Hyper-converged infrastructure (HCI) is a framework that combines storage, computing, and networking into a single system so organizations can reduce the complexity of their data centers through virtualization and software defined storage and networking.

Pain Points of Hyper-Convergence Infrastructure
With the evolution of HCI, there are new challenges. One challenge with hyper-converged infrastructure is that it changes the scale out dynamic. The basic elements of compute and storage cannot scale independently anymore. As a result, scale out is achieved by adding a new node, which introduces new bottlenecks.

Hyper-converged applications require multi-million IOPs storage performance due to the intensive I/O workload.

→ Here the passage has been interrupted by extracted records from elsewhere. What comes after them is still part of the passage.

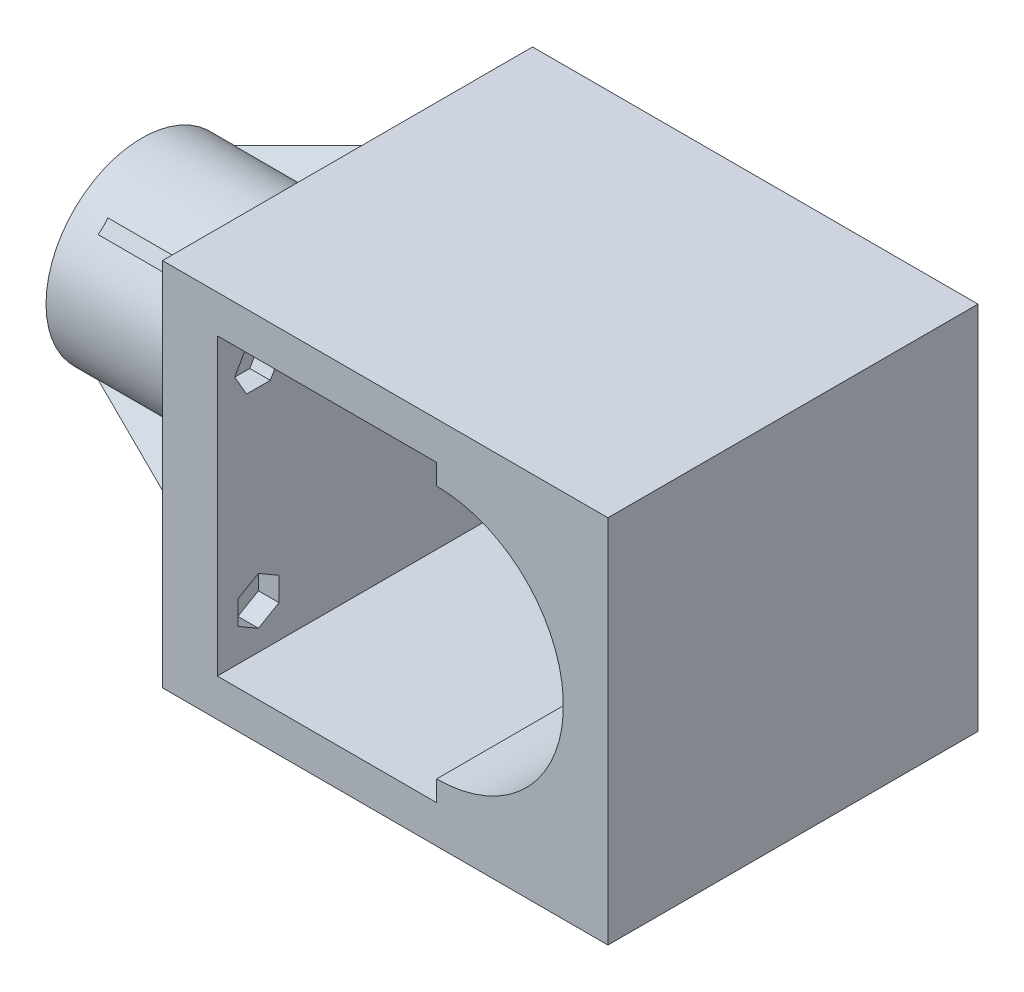
from build123d import *

# Parameters (mm, degrees)
BOSS_EXTRUDE1_DEPTH = 27
SKETCH10_R          = 14
BOSS_EXTRUDE5_DEPTH = 30
SKETCH2_R           = 10
CUT_EXTRUDE7_DEPTH  = 30
BOSS_EXTRUDE9_DEPTH = 1
CIRPATTERN1_COUNT   = 2
CIRPATTERN1_ANGLE   = 90
CUT_EXTRUDE8_DEPTH  = 28
CUT_EXTRUDE9_DEPTH  = 26
CUT_EXTRUDE10_DEPTH = 87.897928629
CUT_EXTRUDE11_DEPTH = 3


with BuildPart() as part:
    # Sketch1 → Boss-Extrude1 (new, symmetric)
    with BuildSketch(Plane(origin=(0, 0, 0), x_dir=(1, 0, 0), z_dir=(0, 1, 0))):
        Polygon((32.5, -27), (32.5, 27), (-32.5, 27), (-32.5, -27), (-20, -27), align=None)
    extrude(amount=BOSS_EXTRUDE1_DEPTH, both=True)

    # Sketch10 → Boss-Extrude5 (add)
    with BuildSketch(Plane(origin=(-32.5, 0, 0), x_dir=(0, 0, -1), z_dir=(1, 0, 0))):
        Circle(SKETCH10_R)
    extrude(amount=-BOSS_EXTRUDE5_DEPTH)

    # Sketch2 → Cut-Extrude7 (cut)
    with BuildSketch(Plane.ZY.offset(32.5)):
        with Locations(Location((0, 0, 0), (0, 0, 180))):
            Circle(SKETCH2_R)
    extrude(amount=CUT_EXTRUDE7_DEPTH, mode=Mode.SUBTRACT)

    # Sketch16 → Boss-Extrude9 (add, symmetric)
    with BuildSketch(Plane(origin=(0, 0, 0), x_dir=(-1, 0, 0), z_dir=(0, 0.7071067811865475, -0.7071067811865477))):
        Polygon((62.5, -12), (30, -12), (32.5, -26.063797676), align=None)
        Polygon((30, 12), (32.5, 26.063797676), (62.5, 12), align=None)
    boss_extrude9 = extrude(amount=BOSS_EXTRUDE9_DEPTH, both=True)

    # CirPattern1: Boss-Extrude9 ×2 about axis
    cirpattern1_axis = Axis((0, 0, 0), (1, 0, 0))
    for i in range(1, CIRPATTERN1_COUNT):
        add(boss_extrude9.rotate(cirpattern1_axis, i * CIRPATTERN1_ANGLE / (CIRPATTERN1_COUNT - 1)))

    # Sketch18 → Cut-Extrude8 (cut)
    with BuildSketch(Plane.XY.offset(27)):
        with BuildLine():
            Line((7.5, -18.5), (-2.5, -18.5))
            ThreePointArc((-2.5, -18.5), (-21, 0), (-2.5, 18.5))
            Line((-2.5, 18.5), (7.5, 18.5))
            ThreePointArc((7.5, 18.5), (26, 0), (7.5, -18.5))
        make_face()
    extrude(amount=-CUT_EXTRUDE8_DEPTH, mode=Mode.SUBTRACT)

    # Sketch19 → Cut-Extrude9 (cut)
    with BuildSketch(Plane(origin=(0, 0, -27), x_dir=(-1, 0, 0), z_dir=(0, 0, -1))):
        with BuildLine():
            Line((2.5, -17.5), (-7.5, -17.5))
            ThreePointArc((-7.5, -17.5), (-25, 0), (-7.5, 17.5))
            Line((-7.5, 17.5), (2.5, 17.5))
            ThreePointArc((2.5, 17.5), (20, 0), (2.5, -17.5))
        make_face()
    extrude(amount=-CUT_EXTRUDE9_DEPTH, mode=Mode.SUBTRACT)

    # Sketch20 → Cut-Extrude10 (cut, through all)
    with BuildSketch(Plane.XY.offset(27)):
        Polygon((-24.5, 21.5), (-24.5, -21.5), (7.5, -21.5), (7.5, -18.5), (7.5, 18.5), (7.5, 21.5), align=None)
    extrude(amount=-CUT_EXTRUDE10_DEPTH, mode=Mode.SUBTRACT)

    # Sketch22 → Cut-Extrude11 (cut)
    with BuildSketch(Plane(origin=(-24.5, 0, 0), x_dir=(0, 0, -1), z_dir=(1, 0, 0))):
        Polygon((18, -16.732050808), (21, -18.464101615), (24, -16.732050808), (24, -13.267949192), (21, -11.535898385), (18, -13.267949192), align=None)
        Polygon((-24, -16.732050808), (-21, -18.464101615), (-18, -16.732050808), (-18, -13.267949192), (-21, -11.535898385), (-24, -13.267949192), align=None)
        Polygon((-24.464101615, 15), (-22.732050808, 12), (-19.267949192, 12), (-17.535898385, 15), (-19.267949192, 18), (-22.732050808, 18), align=None)
        Polygon((18, 16.732050808), (18, 13.267949192), (21, 11.535898385), (24, 13.267949192), (24, 16.732050808), (21, 18.464101615), align=None)
    extrude(amount=-CUT_EXTRUDE11_DEPTH, mode=Mode.SUBTRACT)


solid = part.part

And yet current SSD technologies based on NAND Flash memory introduce significant latency, at 100µs to 200µs for a read I/O. To overcome the limitations of NAND Flash, IT architects developed techniques such as massive parallelization and distributed workload to compensate for those limitations by having data storage accesses split across multiple NAND Flash components. Now that the servers are moving towards hyper-convergence, it will become very challenging to hide the inherent limitations of NAND Flash to the application level.

ReRAM Revolutionizing Data Storage Technology
New technologies such as Resistive Memories (ReRAM) are coming into the market that will slash latency to less than 10 microseconds, resulting in new products such as ultra-fast NVMe SSDs. Latencies will drop even further if designers use the memory bus as the physical interface rather than PCIe. Storage devices that will sit on the memory bus will be NV-DIMMs, providing latencies under the microsecond range.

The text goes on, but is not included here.